Saigon
- First edition (US)
- Author: Anthony Grey
- Audio read by: Gordon Griffin
- Language: English
- Subject: Vietnam
- Genre: Historical novel
- Set in: Vietnam, 1925–1975
- Publisher: Weidenfeld & Nicolson (UK) Little, Brown (US) Open Road Integrated Media (current)
- Publication date: 1982
- Publication place: United Kingdom
- Media type: Print (hardback and paperback), e-book, audiobook
- Pages: 789 pages
- ISBN: 0316328227
- OCLC: 8668578
- Preceded by: The Chinese Assassin (1978)
- Followed by: Peking (1988)

= Saigon (Grey novel) =

1982 novel by Anthony Grey

Saigon is a historical novel by British author Anthony Grey, published in 1982. It follows the lives of three families — one American, one French, and one Vietnamese — from the French colonial era in the early 1920s until the last helicopter left Saigon at the end of the Vietnam War. It became an international bestseller and has been translated into 16 languages worldwide.

==Plot==
Joseph Sherman first visits Saigon — the capital of French colonial Cochin-China — as a young man on his father's hunting trip in 1925. But the exotic land lures him back again and again as a traveller, soldier, and reporter. He returns because of his fascination for the enchanting city — and for Lan, a mandarin's daughter he cannot forget.

Over five decades Joseph's life becomes enmeshed with the political intrigues of two of Saigon's most influential families, the French colonist Devrauxs, and the native Tran family. In this sweeping saga of tragedy and triumph, Joseph witnesses Vietnam's turbulent, war-torn fate. He is there when millions of coolies rise against the French, and during their bloody last stand at Dien Bien Phu. And he sees US military "advisors" fire their first shots in America's war against the Communist revolution.
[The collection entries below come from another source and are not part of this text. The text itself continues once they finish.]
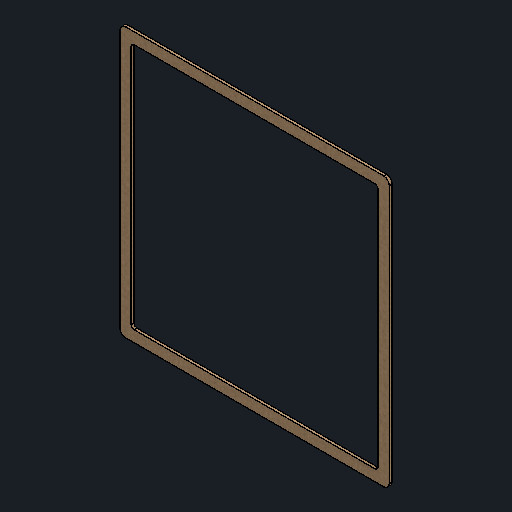
# Autodesk Inventor part: Part1
Saved by Autodesk Inventor 2026.2 (Build 302298000, 298)
## iProperties
Created: 2026-06-15
Part Number: Part1
Material: MDF Medium Density Fiberboard
Document SubType Name: Modeling
Designer: JoshuaEah
Density: 0.8 g/cm^3
Appearance: Cardboard - Corrugated
Author: JoshuaEah
Autodesk Inventor part; units mm, degrees
ref_plane "YZ Plane" through (0, 0, 0) normal (1, 0, 0) x (0, 1, 0)
ref_plane "XZ Plane" through (0, 0, 0) normal (0, 1, 0) x (-1, 0, 0)
ref_plane "XY Plane" through (0, 0, 0) normal (0, 0, 1) x (1, 0, 0)
sketch "Sketch1" plane through (0, 0, 0) normal (0, 0, 1) x (1, 0, 0)
  line L0 (0, 0) -> (304.8, 0)
  line L1 (304.8, 0) -> (304.8, 304.8)
  line L2 (304.8, 304.8) -> (0, 304.8)
  line L3 (0, 304.8) -> (0, 0)
  circle A0 centre (6.35, 298.45) radius 0.9922
  circle A1 centre (298.45, 298.45) radius 0.9922
  circle A2 centre (298.45, 6.35) radius 0.9922
  circle A3 centre (6.35, 6.35) radius 0.9922
  circle A4 centre (6.35, 152.4) radius 0.9922
  circle A5 centre (298.45, 152.4) radius 0.9922
  circle A6 centre (152.4, 298.45) radius 0.9922
  circle A7 centre (152.4, 6.35) radius 0.9922
  line L4 (12.7, 292.1) -> (292.1, 292.1)
  line L5 (292.1, 292.1) -> (292.1, 12.7)
  line L6 (292.1, 12.7) -> (12.7, 12.7)
  line L7 (12.7, 12.7) -> (12.7, 292.1)
  point P0 (304.8, 152.4)
  point P1 (152.4, 304.8)
  dimension "d0" = 304.8
  dimension "d6" = 1.9844
  dimension "d7" = 6.35
  dimension "d8" = 6.35
  dimension "d10" = 6.35
  dimension "d11" = 6.35
  dimension "d19" = 12.7
  dimension "d20" = 12.7
  dimension "d21" = 12.7
  dimension "d22" = 12.7
  constraints: 16 end point, 8 centre point, 7 equal radius, 6 horizontal alignment, 6 vertical alignment, 4 parallel, 3 perpendicular, 2 horizontal, 2 midpoint, 1 coincident
  measures "d0" distance of L1.end L2.end
  measures "d6" diameter of A0
  measures "d7" distance from line of L3 A0.centre
  measures "d8" distance from line of L2 A0.centre
  measures "d10" distance from line of L1 A1.centre
  measures "d11" distance from line of L0 A2.centre
  measures "d19" distance between parallel lines of L3 L7
  measures "d20" distance between parallel lines of L2 L4
  measures "d21" distance between parallel lines of L1 L5
  measures "d22" distance between parallel lines of L0 L6
extrude "Extrusion1" add sketch "Sketch1" against normal blind 3.175 contours L3 L2 L1 L0 | A0 | A1 | A2 | A3 | A4 | A5 | A6 | A7
fillet "Fillet1" radius 6.35 4 edges at (0, 304.8, -1.5875) (304.8, 304.8, -1.5875) (0, 0, -1.5875) (304.8, 0, -1.5875)
fillet "Fillet1" radius 3.175 4 edges at (292.1, 12.7, -1.5875) (292.1, 292.1, -1.5875) (12.7, 292.1, -1.5875) (12.7, 12.7, -1.5875)
equation "\"d10\" = d7"
equation "\"d11\" = d8"
equation "\"d20\" = d19"
equation "\"d21\" = d19"
equation "\"d22\" = d20"
body "Solid1"
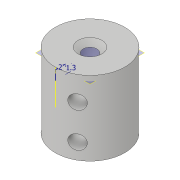
# Autodesk Inventor part: 00_Motorcoupling_5mm_M3
Saved by Autodesk Inventor 2019.4 (Build 234330000, 330)
## iProperties
Created: 2021-04-26
Part Number: 00_Motorcoupling_5mm_M3
Material: Generic
Document SubType Name: Modeling
Designer: diederichbenedict
Density: 1 g/cm^3
Appearance: Default
Mass: 1.15069 g
Surface Area: 11.4691 cm^2
Volume: 1.15069 cm^3
Author: diederichbenedict
Autodesk Inventor part; units mm, degrees
ref_plane "YZ Plane" through (0, 0, 0) normal (1, 0, 0) x (0, 1, 0)
ref_plane "XZ Plane" through (0, 0, 0) normal (0, 1, 0) x (-1, 0, 0)
ref_plane "XY Plane" through (0, 0, 0) normal (0, 0, 1) x (1, 0, 0)
sketch "Sketch1" plane through (0, 0, 0) normal (0, 1, 0) x (-1, 0, 0)
  circle A0 centre (0, 0) radius 7
  line L0 (0, -9.8) -> (0, 9.8) construction
  circle A1 centre (0, 0) radius 1.4
  dimension "d0" = 14
  dimension "d42" = 2.8
  constraints: 2 centre point, 1 coincident
  measures "d0" diameter of A0
  measures "d42" diameter of A1
extrude "Extrusion1" add sketch "Sketch1" along normal blind 7
sketch "Sketch2" plane through (0, 0, 0) normal (0, -1, 0) x (1, 0, 0)
  circle A0 centre (0, 0) radius 1.45 projected
  arc A1 (1.2894, -2.2) -> (-1.2894, -2.2) centre (0, 0) ccw
  line L0 (-1.2894, -2.2) -> (1.2894, -2.2)
  circle A2 centre (0, 0) radius 7 projected
  dimension "d4" = 5.1
  dimension "d5" = 2.2
  constraints: 2 end point, 2 point on circle, 1 centre point, 1 coincident, 1 horizontal
  measures "d4" diameter of A1
  measures "d5" distance from line of L0 point (0, 0)
extrude "Extrusion2" add sketch "Sketch2" along normal blind 8 contours A2
ref_plane "Work Plane1" through (0, 6, 0) normal (0, -1, 0) x (1, 0, 0)
sketch "Sketch5" plane through (0, 0, 0) normal (1, 0, 0) x (0, 1, 0)
  line L0 (0, 7) -> (7, 7) projected
  line L1 (4.6942, 7) -> (5.9942, 7)
  line L2 (5.9942, 7) -> (5.9942, 5)
  line L3 (5.9942, 5) -> (4.6942, 5)
  line L4 (4.6942, 5) -> (4.6942, 7)
  point P0 (0, 0)
  dimension "d17" = 1.3
  dimension "d18" = 2
  constraints: 8 end point, 2 parallel, 1 horizontal, 1 perpendicular, 1 point on line
  measures "d17" distance of L2.end L3.end
  measures "d18" distance of L1.end L2.end
sketch "Sketch6" plane through (0, 0, 0) normal (1, 0, 0) x (0, 1, 0)
  circle A0 centre (2.1729, 0) radius 1.45
  line L0 (-8, -7) -> (7, -7) projected
  point P0 (0, 0)
  dimension "d43" = 2.9
  dimension "d44" = 7
  constraints: 1 centre point
  measures "d43" diameter of A0
  measures "d44" distance from line of A0.centre L0
extrude "Extrusion5" cut sketch "Sketch6" against normal blind 10
pattern_circular "Circular Pattern3" count 3 over 360 about axis through (0, 0, 0) along (0, 1, 0) of "Extrusion5"
chamfer "Chamfer4" distance 1 angle 45 3 edges at (1.4, 7, 0) (0, -8, 2.55) (0, -8, -2.2)
pattern_linear "Rectangular Pattern2" count 2 spacing 7 along (0, -1, 0) of "Extrusion5", "Circular Pattern3"
body "Solid1"
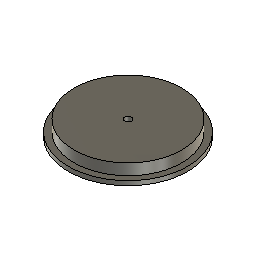
fan_plug (Autodesk Fusion 360 design; units mm, degrees)
part number: 2026-08-22-19-59-32-965
Autodesk Fusion 360 part; units mm, degrees
sketch "Flange" plane through (0, 0, 0) normal (0, 0, 1) x (1, 0, 0)
  circle A0 centre (0, 0) radius 21.5
extrude "Flange (1)" add sketch "Flange" along normal blind 1.6
ref_plane "WorkPlane1" through (0, 0, 1.6) normal (0, 0, 1) x (1, 0, 0)
sketch "Press-fit body" plane through (0, 0, 1.6) normal (0, 0, 1) x (1, 0, 0)
  circle A0 centre (0, 0) radius 19.35
extrude "Press-fit body (1)" add sketch "Press-fit body" along normal blind 4
sketch "Puller pilot" plane through (0, 0, 0) normal (0, 0, 1) x (1, 0, 0)
  circle A0 centre (0, 0) radius 1.25
extrude "Puller pilot (1)" cut sketch "Puller pilot" along normal mid plane 11.2
named bodies: "Fan Plug"

==Background and research==
Saigon is Anthony Grey's fourth novel. Grey spent four years writing it between 1978 and 1982. He lived in Paris for six months to research the first five sections of the novel, set in French colonial Vietnam, spending time at the archives of the old French Ministry of Colonies in the Rue Oudinot, the colonial newspaper archive in Versailles, and the Bibliothèque Nationale in central Paris. He then moved to Washington for eighteen months to research and write the last three sections dealing with America's involvement in Vietnam, working daily at the Library of Congress on Capitol Hill and at the National Archives in Washington.

Grey was unable to visit Vietnam during his research as he could not obtain a visa despite repeated applications. His first visit to the country came in the late 1980s when he travelled there to make a one-hour television documentary for the BBC entitled Return to Saigon. During that trip Grey learned that the Vietnamese government had translated the novel for use in teaching officer cadets at the People's Defence University in Hanoi, and that it was also being used as a teaching aid at the United States Naval Academy at Annapolis.

Grey described his motivation for writing the novel: "My primary motivation for writing Saigon and my other historical novels about long-term strife between East and West was the conviction that, in a chronically troubled world, it was vital to understand our past fully in order to make better decisions about the future."

==Reception==
Saigon received widespread critical acclaim on publication and became an international bestseller.

The San Francisco Chronicle wrote: "This superb novel could well be the War and Peace of our age. By using a technique of historic progression Anthony Grey does for the Vietnam Wars what Leo Tolstoy did for the Napoleonic wars."

The Kansas City Star called it "an epic novel of terrible importance... Like James Michener and James Clavell, Mr Grey is a master storyteller. Unlike them, however, he has something pertinent to say and does so in distinguished fashion."

The Daily Mail described it as "an absorbing saga, an epic novel... Anthony Grey is not just a man of steely courage as his survival of two years as a hostage in Peking demonstrated; he is one of that rare species — a born storyteller."

The novel was used as a teaching aid on history courses at both the United States Naval Academy at Annapolis and, in Vietnamese translation, at the People's Defence University in Hanoi.

==Audio drama adaptation==
In 2026, Saigon was adapted as an eight-part scripted audio drama by iHeartPodcasts, produced by Thoroughbred Studios and Goldhawk Productions. The series was directed by John Scott Dryden, who recorded it on location in Ho Chi Minh City, which he described as "central to capturing the spirit of the drama." Kelly Marie Tran, whose parents were Vietnamese refugees, stars in the series and said the story drew her in because of its themes of family separation and endurance across generations. Rob Benedict plays the lead role of Joseph. The series premiered on 22 April 2026 on the iHeartRadio app and other major podcast platforms, with new episodes released weekly on Wednesdays.